BIECA and UECA plan to appeal the decision, according to attorney Alan Marshall Pollack of Robinson Brog Leinwand Greene Genovese & Gluck PC, representing the plaintiffs. He tells GlobeSt.com that BIECA and UECA has not filed the appeal yet, but association members are currently reviewing the decision and intends to do so in due course. “We are disappointed in the decision, but we intend to appeal to the Second Circuit,” Pollack says.
The history of the city’s PLAs started in 2008, when the New York State Legislature passed New York Labor Law 222 as part of a reform package, the order states. It then sought to reform section 101 of the General Municipal Law, known as the Wicks Law, requiring four prime contractors to be involved in the construction of rehabilitation of a municipal project: electrical, plumbing and mechanical contractors, as well as a general contractor, the order says.

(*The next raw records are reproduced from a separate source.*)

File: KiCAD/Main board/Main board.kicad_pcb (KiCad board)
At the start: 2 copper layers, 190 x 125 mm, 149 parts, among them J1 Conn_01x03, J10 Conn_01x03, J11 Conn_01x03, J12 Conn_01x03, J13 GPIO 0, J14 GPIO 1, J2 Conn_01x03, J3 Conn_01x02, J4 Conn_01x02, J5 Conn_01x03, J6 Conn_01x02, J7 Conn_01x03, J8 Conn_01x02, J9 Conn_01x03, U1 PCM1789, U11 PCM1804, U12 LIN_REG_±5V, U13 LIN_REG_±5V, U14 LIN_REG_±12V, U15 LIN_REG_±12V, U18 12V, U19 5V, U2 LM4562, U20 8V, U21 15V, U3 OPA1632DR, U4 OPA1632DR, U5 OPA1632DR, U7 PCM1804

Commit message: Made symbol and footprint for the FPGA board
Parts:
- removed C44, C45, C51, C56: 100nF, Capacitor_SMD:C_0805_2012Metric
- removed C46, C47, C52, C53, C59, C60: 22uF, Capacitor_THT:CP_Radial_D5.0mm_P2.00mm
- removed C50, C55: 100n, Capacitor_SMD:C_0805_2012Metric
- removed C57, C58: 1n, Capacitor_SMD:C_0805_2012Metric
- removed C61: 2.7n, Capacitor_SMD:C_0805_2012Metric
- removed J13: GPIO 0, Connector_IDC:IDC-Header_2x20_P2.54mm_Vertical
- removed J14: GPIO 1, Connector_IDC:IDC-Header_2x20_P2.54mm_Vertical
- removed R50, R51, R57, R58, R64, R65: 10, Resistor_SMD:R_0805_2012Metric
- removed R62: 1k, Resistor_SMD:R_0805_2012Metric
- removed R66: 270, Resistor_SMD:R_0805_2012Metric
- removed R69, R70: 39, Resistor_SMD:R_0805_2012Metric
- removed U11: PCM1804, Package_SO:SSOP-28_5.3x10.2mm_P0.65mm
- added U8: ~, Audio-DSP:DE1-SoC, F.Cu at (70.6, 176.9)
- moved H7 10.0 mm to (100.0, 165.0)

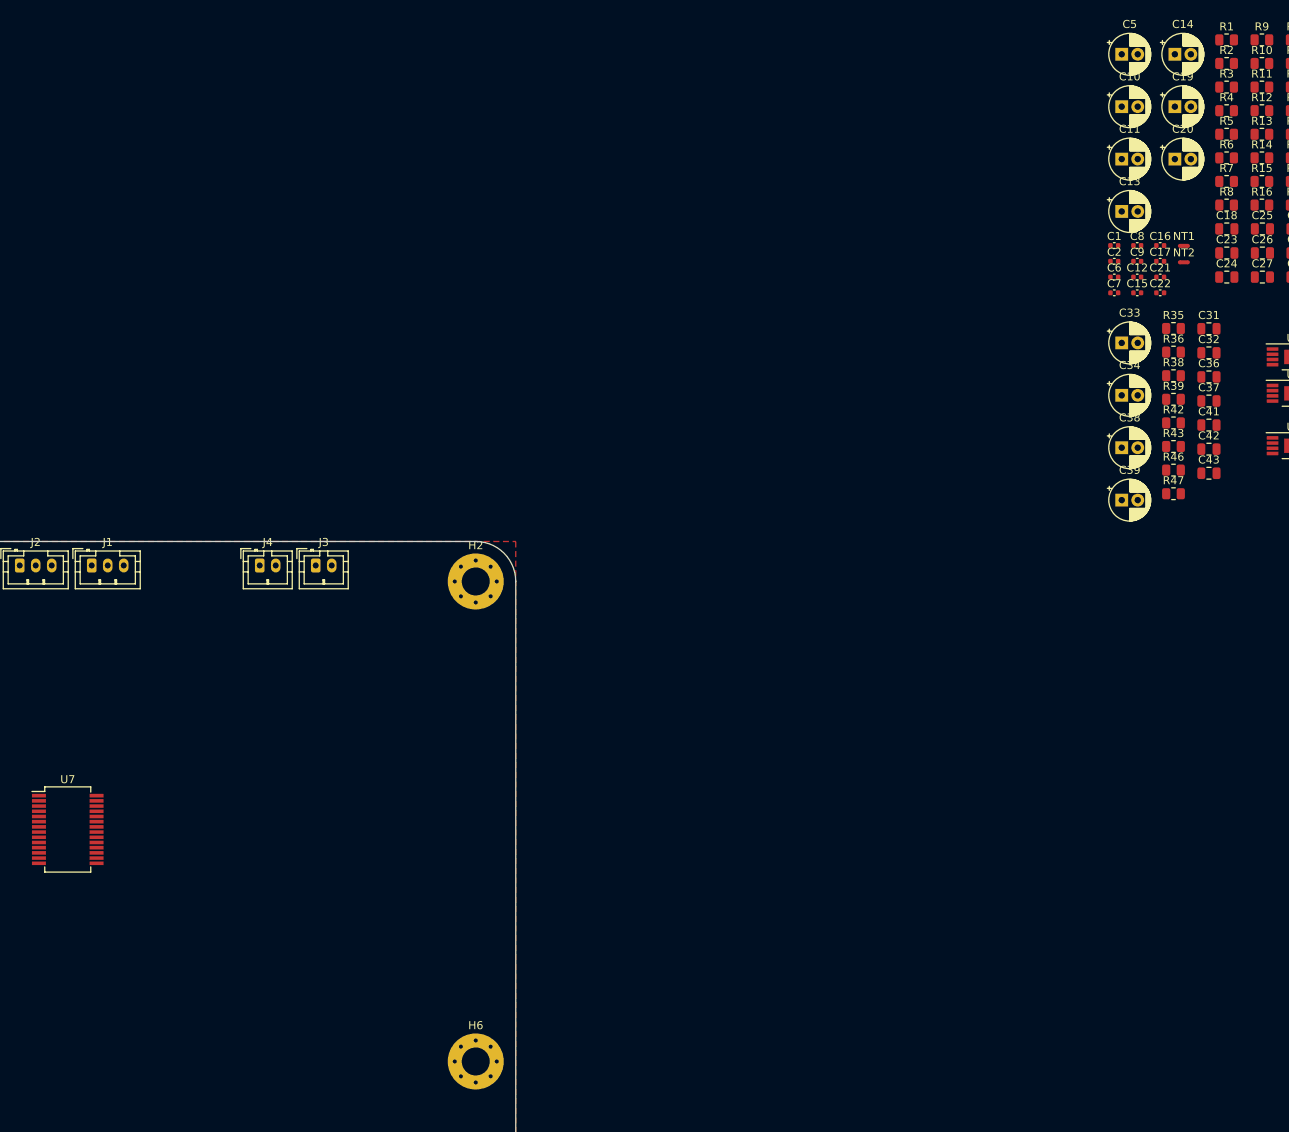
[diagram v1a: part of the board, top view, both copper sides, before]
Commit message: Added SEPIC symbol and footprint and worked on main board
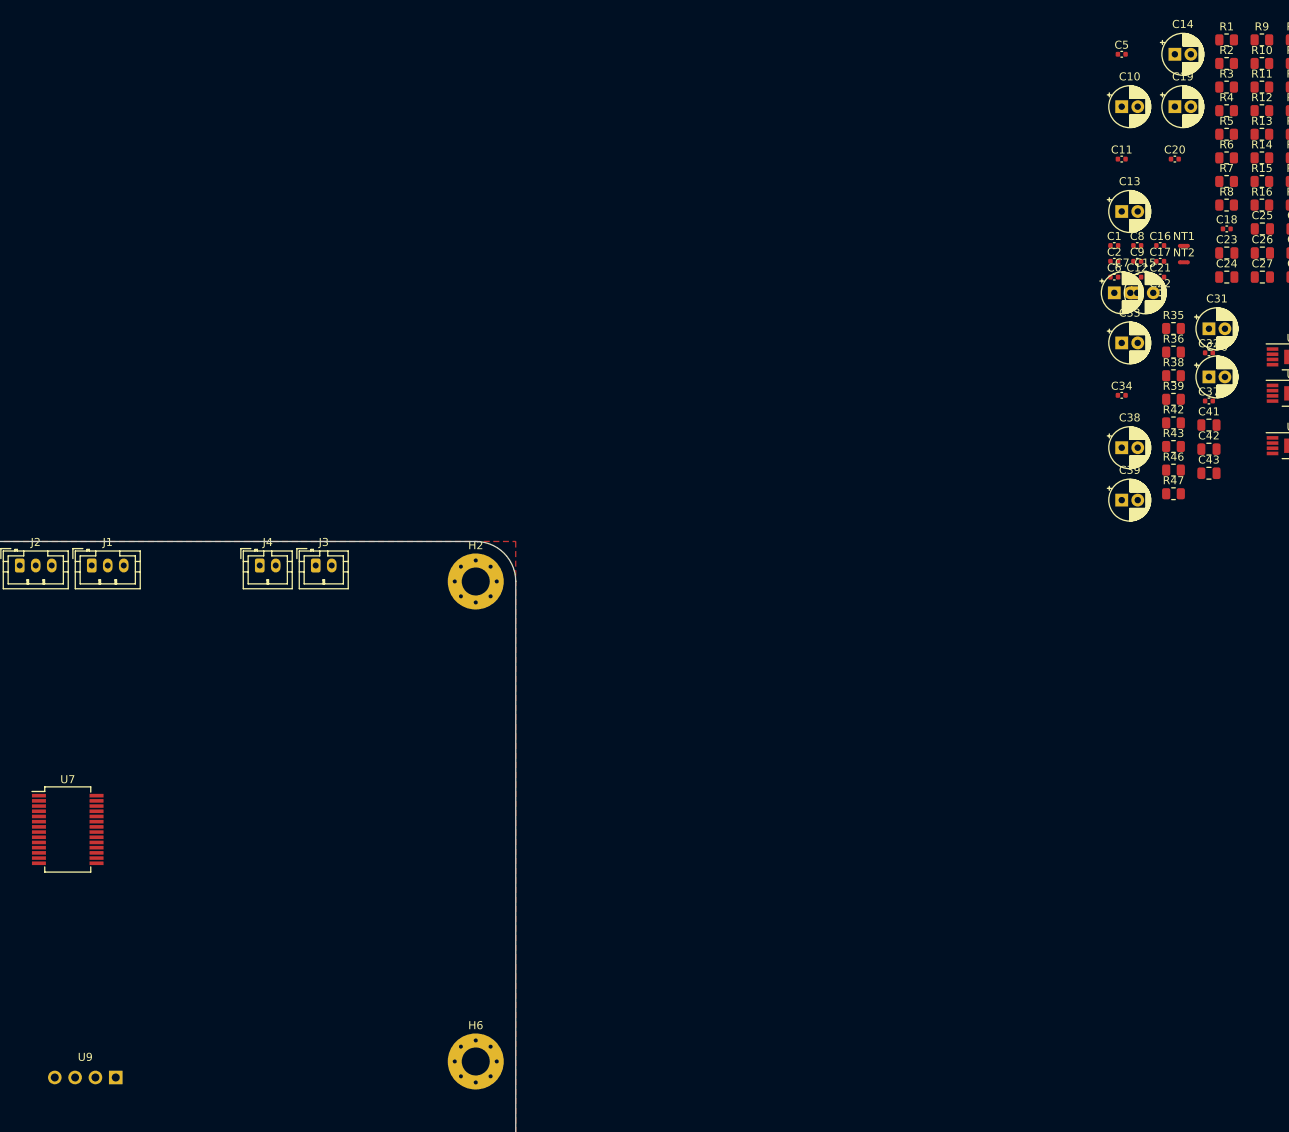
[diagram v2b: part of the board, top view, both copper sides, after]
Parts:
- added U9: SEPIC_-15V_LT3579, Audio-DSP:SEPIC_-15V_LT3579, F.Cu at (186.2, 167.0)
- C11, C20, C34, C5: value 22uF -> 100n; footprint Capacitor_THT:CP_Radial_D5.0mm_P2.00mm -> Capacitor_SMD:C_0402_1005Metric
- C15, C7: value 100n -> 22uF; footprint Capacitor_SMD:C_0402_1005Metric -> Capacitor_THT:CP_Radial_D5.0mm_P2.00mm
- C18: footprint Capacitor_SMD:C_0805_2012Metric -> Capacitor_SMD:C_0402_1005Metric
- C29, C30: value 2.2n -> 2n2
- C31: value 100nF -> 22uF; footprint Capacitor_SMD:C_0805_2012Metric -> Capacitor_THT:CP_Radial_D5.0mm_P2.00mm
- C32, C37: value 100nF -> 100n; footprint Capacitor_SMD:C_0805_2012Metric -> Capacitor_SMD:C_0402_1005Metric
- C36: value 100n -> 22uF; footprint Capacitor_SMD:C_0805_2012Metric -> Capacitor_THT:CP_Radial_D5.0mm_P2.00mm
- R17, R18, R19, R20: value 4.7k -> 4k7
- R25, R27: value 4.3K -> 4k3
- R26, R28: value 4.3k -> 4k3
- R35, R36, R38, R39: value 10 -> 10R
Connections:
- C10 pad 1: Net-(U3B-V+) -> GND
- C10 pad 2: GND -> Net-(U3B-V-)
- C11 pad 1: GND -> Net-(U4B-V+)
- C11 pad 2: Net-(U3B-V-) -> GND
- C19 pad 1: Net-(U4B-V+) -> GND
- C19 pad 2: GND -> Net-(U4B-V-)
- C20 pad 1: GND -> Net-(U5B-V+)
- C20 pad 2: Net-(U4B-V-) -> GND
- C33 pad 1: Net-(U5B-V+) -> GND
- C33 pad 2: GND -> Net-(U5B-V-)
- C34 pad 1: GND -> Net-(U6C-V+)
- C34 pad 2: Net-(U5B-V-) -> GND
- C38 pad 1: Net-(U6C-V+) -> GND
- C38 pad 2: GND -> Net-(U6C-V-)
- C39 pad 1: GND -> +3.3V
- C39 pad 2: Net-(U6C-V-) -> GND
- C6 pad 1: +3.3V -> Net-(U3B-V+)
- R35 pad 1: Net-(U5B-V+) -> +12V
- R35 pad 2: +12V -> Net-(U5B-V+)
- R36 pad 1: -12V -> Net-(U5B-V-)
- R36 pad 2: Net-(U5B-V-) -> -12V
- R38 pad 1: Net-(U6C-V+) -> +12V
- R38 pad 2: +12V -> Net-(U6C-V+)
- R39 pad 1: -12V -> Net-(U6C-V-)
- R39 pad 2: Net-(U6C-V-) -> -12V

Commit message: Worked on main board and added nettie 0.3mm
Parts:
- NT1, NT2: footprint NetTie:NetTie-2_SMD_Pad0.5mm -> Audio-DSP:NetTie-2_SMD_Pad0.3mm
- moved NT1 210.7 mm to (115.8, 98.0)
- moved NT2 7.10 mm to (323.8, 58.0)
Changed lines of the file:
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@@
     )
   )
+  (footprint "Audio-DSP:NetTie-2_SMD_Pad0.3mm" (layer "F.Cu")
+    (at 115.75 98)
+    (property "Sheetfile" "DAC_CH1_2.kicad_sch")
+    (property "Sheetname" "DAC_CH1_2")
+    (property "exclude_from_bom" "")
+    (property "ki_description" "Net tie, 2 pins")
+    (property "ki_keywords" "net tie short")
+    (attr smd exclude_from_bom)
+    (fp_text reference "NT1" (at 0 -0.5 unlocked) (layer "F.SilkS") hide
+        (effects (font (size 1 1) (thickness 0.1)))
+    )
+    (fp_text value "NetTie_2" (at 0 1 unlocked) (layer "F.Fab")
+        (effects (font (size 1 1) (thickness 0.15)))
+    )
+    (fp_text user "${REFERENCE}" (at 0 2.5 unlocked) (layer "F.Fab")
+        (effects (font (size 1 1) (thickness 0.15)))
+    )
+    (fp_poly
+      (pts
+        (xy -0.25 -0.15)
+        (xy 0.25 -0.15)
+        (xy 0.25 0.15)
+        (xy -0.25 0.15)
+      )
+      (stroke (width 0) (type solid)) (fill solid) (layer "F.Cu"))
+    (fp_line (start -0.45 -0.2) (end -0.45 0.2)
+      (stroke (width 0.05) (type solid)) (layer "F.CrtYd"))
+    (fp_line (start -0.45 0.2) (end 0.45 0.2)
+      (stroke (width 0.05) (type solid)) (layer "F.CrtYd"))
+    (fp_line (start 0.45 -0.2) (end -0.45 -0.2)
+      (stroke (width 0.05) (type solid)) (layer "F.CrtYd"))
+    (fp_line (start 0.45 0.2) (end 0.45 -0.2)
+      (stroke (width 0.05) (type solid)) (layer "F.CrtYd"))
+    (pad "1" smd circle (at -0.25 0) (size 0.3 0.3) (layers "F.Cu")
+      (net 2 "GND") (pinfunction "1") (pintype "passive"))
+    (pad "2" smd circle (at 0.25 0) (size 0.3 0.3) (layers "F.Cu")
+      (net 15 "/DAC_CH1_2/RCA_JACK_CH1(REF)") (pinfunction "2") (pintype "passive"))
+  )
   (footprint "Capacitor_THT:CP_Radial_D5.0mm_P2.00mm" (layer "F.Cu")
     (at 322.38705 39.1)
@@
     )
   )
-  (footprint "NetTie:NetTie-2_SMD_Pad0.5mm" (layer "F.Cu")
-    (at 323.5175 63.05)
-    (descr "Net tie, 2 pin, 0.5mm square SMD pads")
-    (tags "net tie")
-    (property "Sheetfile" "DAC_CH1_2.kicad_sch")
-    (property "Sheetname" "DAC_CH1_2")
-    (property "exclude_from_bom" "")
-    (property "ki_description" "Net tie, 2 pins")
-    (property "ki_keywords" "net tie short")
-    (attr exclude_from_pos_files exclude_from_bom)
-    (net_tie_pad_groups "1, 2")
-    (fp_text reference "NT1" (at 0 -1.2) (layer "F.SilkS")
-        (effects (font (size 1 1) (thickness 0.15)))
-    )
-    (fp_text value "NetTie_2" (at 0 1.2) (layer "F.Fab")
-        (effects (font (size 1 1) (thickness 0.15)))
-    )
-    (fp_poly
-      (pts
-        (xy -0.5 -0.25)
-        (xy 0.5 -0.25)
-        (xy 0.5 0.25)
-        (xy -0.5 0.25)
-      )
-      (stroke (width 0) (type solid)) (fill solid) (layer "F.Cu"))
-    (fp_line (start -1 -0.5) (end -1 0.5)
-      (stroke (width 0.05) (type solid)) (layer "F.CrtYd"))
-    (fp_line (start -1 0.5) (end 1 0.5)
-      (stroke (width 0.05) (type solid)) (layer "F.CrtYd"))
-    (fp_line (start 1 -0.5) (end -1 -0.5)
-      (stroke (width 0.05) (type solid)) (layer "F.CrtYd"))
-    (fp_line (start 1 0.5) (end 1 -0.5)
-      (stroke (width 0.05) (type solid)) (layer "F.CrtYd"))
-    (pad "1" smd circle (at -0.5 0) (size 0.5 0.5) (layers "F.Cu")
-      (net 2 "GND") (pinfunction "1") (pintype "passive"))
-    (pad "2" smd circle (at 0.5 0) (size 0.5 0.5) (layers "F.Cu")
-      (net 15 "/DAC_CH1_2/RCA_JACK_CH1(REF)") (pinfunction "2") (pintype "passive"))
-  )
   (footprint "Capacitor_SMD:C_0402_1005Metric" (layer "F.Cu")
     (at 320.5575 64.98)
@@
     )
   )
-  (footprint "NetTie:NetTie-2_SMD_Pad0.5mm" (layer "F.Cu")
-    (at 323.5175 65.1)
-    (descr "Net tie, 2 pin, 0.5mm square SMD pads")
-    (tags "net tie")
-    (property "Sheetfile" "DAC_CH1_2.kicad_sch")
-    (property "Sheetname" "DAC_CH1_2")
-    (property "exclude_from_bom" "")
-    (property "ki_description" "Net tie, 2 pins")
-    (property "ki_keywords" "net tie short")
-    (attr exclude_from_pos_files exclude_from_bom)
-    (net_tie_pad_groups "1, 2")
-    (fp_text reference "NT2" (at 0 -1.2) (layer "F.SilkS")
-        (effects (font (size 1 1) (thickness 0.15)))
-    )
-    (fp_text value "NetTie_2" (at 0 1.2) (layer "F.Fab")
-        (effects (font (size 1 1) (thickness 0.15)))
-    )
-    (fp_poly
-      (pts
-        (xy -0.5 -0.25)
-        (xy 0.5 -0.25)
-        (xy 0.5 0.25)
-        (xy -0.5 0.25)
-      )
-      (stroke (width 0) (type solid)) (fill solid) (layer "F.Cu"))
-    (fp_line (start -1 -0.5) (end -1 0.5)
-      (stroke (width 0.05) (type solid)) (layer "F.CrtYd"))
-    (fp_line (start -1 0.5) (end 1 0.5)
-      (stroke (width 0.05) (type solid)) (layer "F.CrtYd"))
-    (fp_line (start 1 -0.5) (end -1 -0.5)
-      (stroke (width 0.05) (type solid)) (layer "F.CrtYd"))
-    (fp_line (start 1 0.5) (end 1 -0.5)
-      (stroke (width 0.05) (type solid)) (layer "F.CrtYd"))
-    (pad "1" smd circle (at -0.5 0) (size 0.5 0.5) (layers "F.Cu")
-      (net 2 "GND") (pinfunction "1") (pintype "passive"))
-    (pad "2" smd circle (at 0.5 0) (size 0.5 0.5) (layers "F.Cu")
-      (net 31 "/DAC_CH1_2/RCA_JACK_CH2(REF)") (pinfunction "2") (pintype "passive"))
-  )
   (footprint "Resistor_SMD:R_0805_2012Metric" (layer "F.Cu")
     (at 337.6775 40.25)
@@
     )
   )
+  (footprint "Audio-DSP:NetTie-2_SMD_Pad0.3mm" (layer "F.Cu")
+    (at 323.75 58)
+    (property "Sheetfile" "DAC_CH1_2.kicad_sch")
+    (property "Sheetname" "DAC_CH1_2")
+    (property "exclude_from_bom" "")
+    (property "ki_description" "Net tie, 2 pins")
+    (property "ki_keywords" "net tie short")
+    (attr smd exclude_from_bom)
+    (fp_text reference "NT2" (at 0 -0.5 unlocked) (layer "F.SilkS") hide
+        (effects (font (size 1 1) (thickness 0.1)))
+    )
+    (fp_text value "NetTie_2" (at 0 1 unlocked) (layer "F.Fab")
+        (effects (font (size 1 1) (thickness 0.15)))
+    )
+    (fp_text user "${REFERENCE}" (at 0 2.5 unlocked) (layer "F.Fab")
+        (effects (font (size 1 1) (thickness 0.15)))
+    )
+    (fp_poly
+      (pts
+        (xy -0.25 -0.15)
+        (xy 0.25 -0.15)
+        (xy 0.25 0.15)
+        (xy -0.25 0.15)
+      )
+      (stroke (width 0) (type solid)) (fill solid) (layer "F.Cu"))
+    (fp_line (start -0.45 -0.2) (end -0.45 0.2)
+      (stroke (width 0.05) (type solid)) (layer "F.CrtYd"))
+    (fp_line (start -0.45 0.2) (end 0.45 0.2)
+      (stroke (width 0.05) (type solid)) (layer "F.CrtYd"))
+    (fp_line (start 0.45 -0.2) (end -0.45 -0.2)
+      (stroke (width 0.05) (type solid)) (layer "F.CrtYd"))
+    (fp_line (start 0.45 0.2) (end 0.45 -0.2)
+      (stroke (width 0.05) (type solid)) (layer "F.CrtYd"))
+    (pad "1" smd circle (at -0.25 0) (size 0.3 0.3) (layers "F.Cu")
+      (net 2 "GND") (pinfunction "1") (pintype "passive"))
+    (pad "2" smd circle (at 0.25 0) (size 0.3 0.3) (layers "F.Cu")
+      (net 31 "/DAC_CH1_2/RCA_JACK_CH2(REF)") (pinfunction "2") (pintype "passive"))
+  )
   (footprint "Capacitor_SMD:C_0402_1005Metric" (layer "F.Cu")
     (at 317.6875 63.01)
@@
     (property "ki_description" "DE1-SoC FPGA")
     (attr through_hole)
-    (fp_text reference "U8" (at -2 -48.6 unlocked) (layer "F.SilkS") hide
+    (fp_text reference "U8" (at 0.43 -1.87 unlocked) (layer "F.SilkS") hide
         (effects (font (size 1 1) (thickness 0.1)))
     )
@@
         (effects (font (size 1.5 1.5) (thickness 0.3) bold) (justify left bottom))
     )
-    (fp_text user "${REFERENCE}" (at 0 1.27 unlocked) (layer "F.Fab")
-        (effects (font (size 1 1) (thickness 0.15)))
-    )
     (fp_text user "${REFERENCE}" (at -10.16 0 -90) (layer "F.Fab")

On November 24, 2009, the City and the BCTC had agreed to enter into three PLAs to be in force through 2014. The three PLAs included citywide rehabilitation and renovation of city-owned structures; new construction for the city’s Department of Design and Construction, which applies to eight projects; and new construction for the city’s Department of Sanitation, the order states. After the November announcement, the city and the BCTC executed three additional PLAs for the city’s Department of Environmental Protection, the Department of Parks and Recreation and the Department of Housing Preservation & Development, the order says.
Prior to entering the PLAs with the BCTC, the City commissioned studies from four consultants--including Hill International, the LiRo Group, the Turner Construction Company and Tishman Construction--to evaluate any potential cost savings and efficiencies that might result from the use of a PLA in conjunction with these projects, the order says.
Each study concluded that by obtaining certain union concessions, including standardizing work hours, overtime hours, work shift rules and holidays for each of the various construction trades along with ‘no strike’ provisions and common grievance procedures, the city would realize substantial cost savings on projects covered by these PLAs, according to the order.
In this decision, the Court relied in part on a US Supreme Court decision regarding the clean-up of Boston Harbor which determined that PLAs negotiated to expedite the project were unlawful, the city says. The New York City Law Department's legal team included Becker, Eric P. Jewell and Steven Stein Cushman. Carol O'Rourke Pennington of Colleran O'Hara & Mills, of Garden City, NY, represented the BCTC.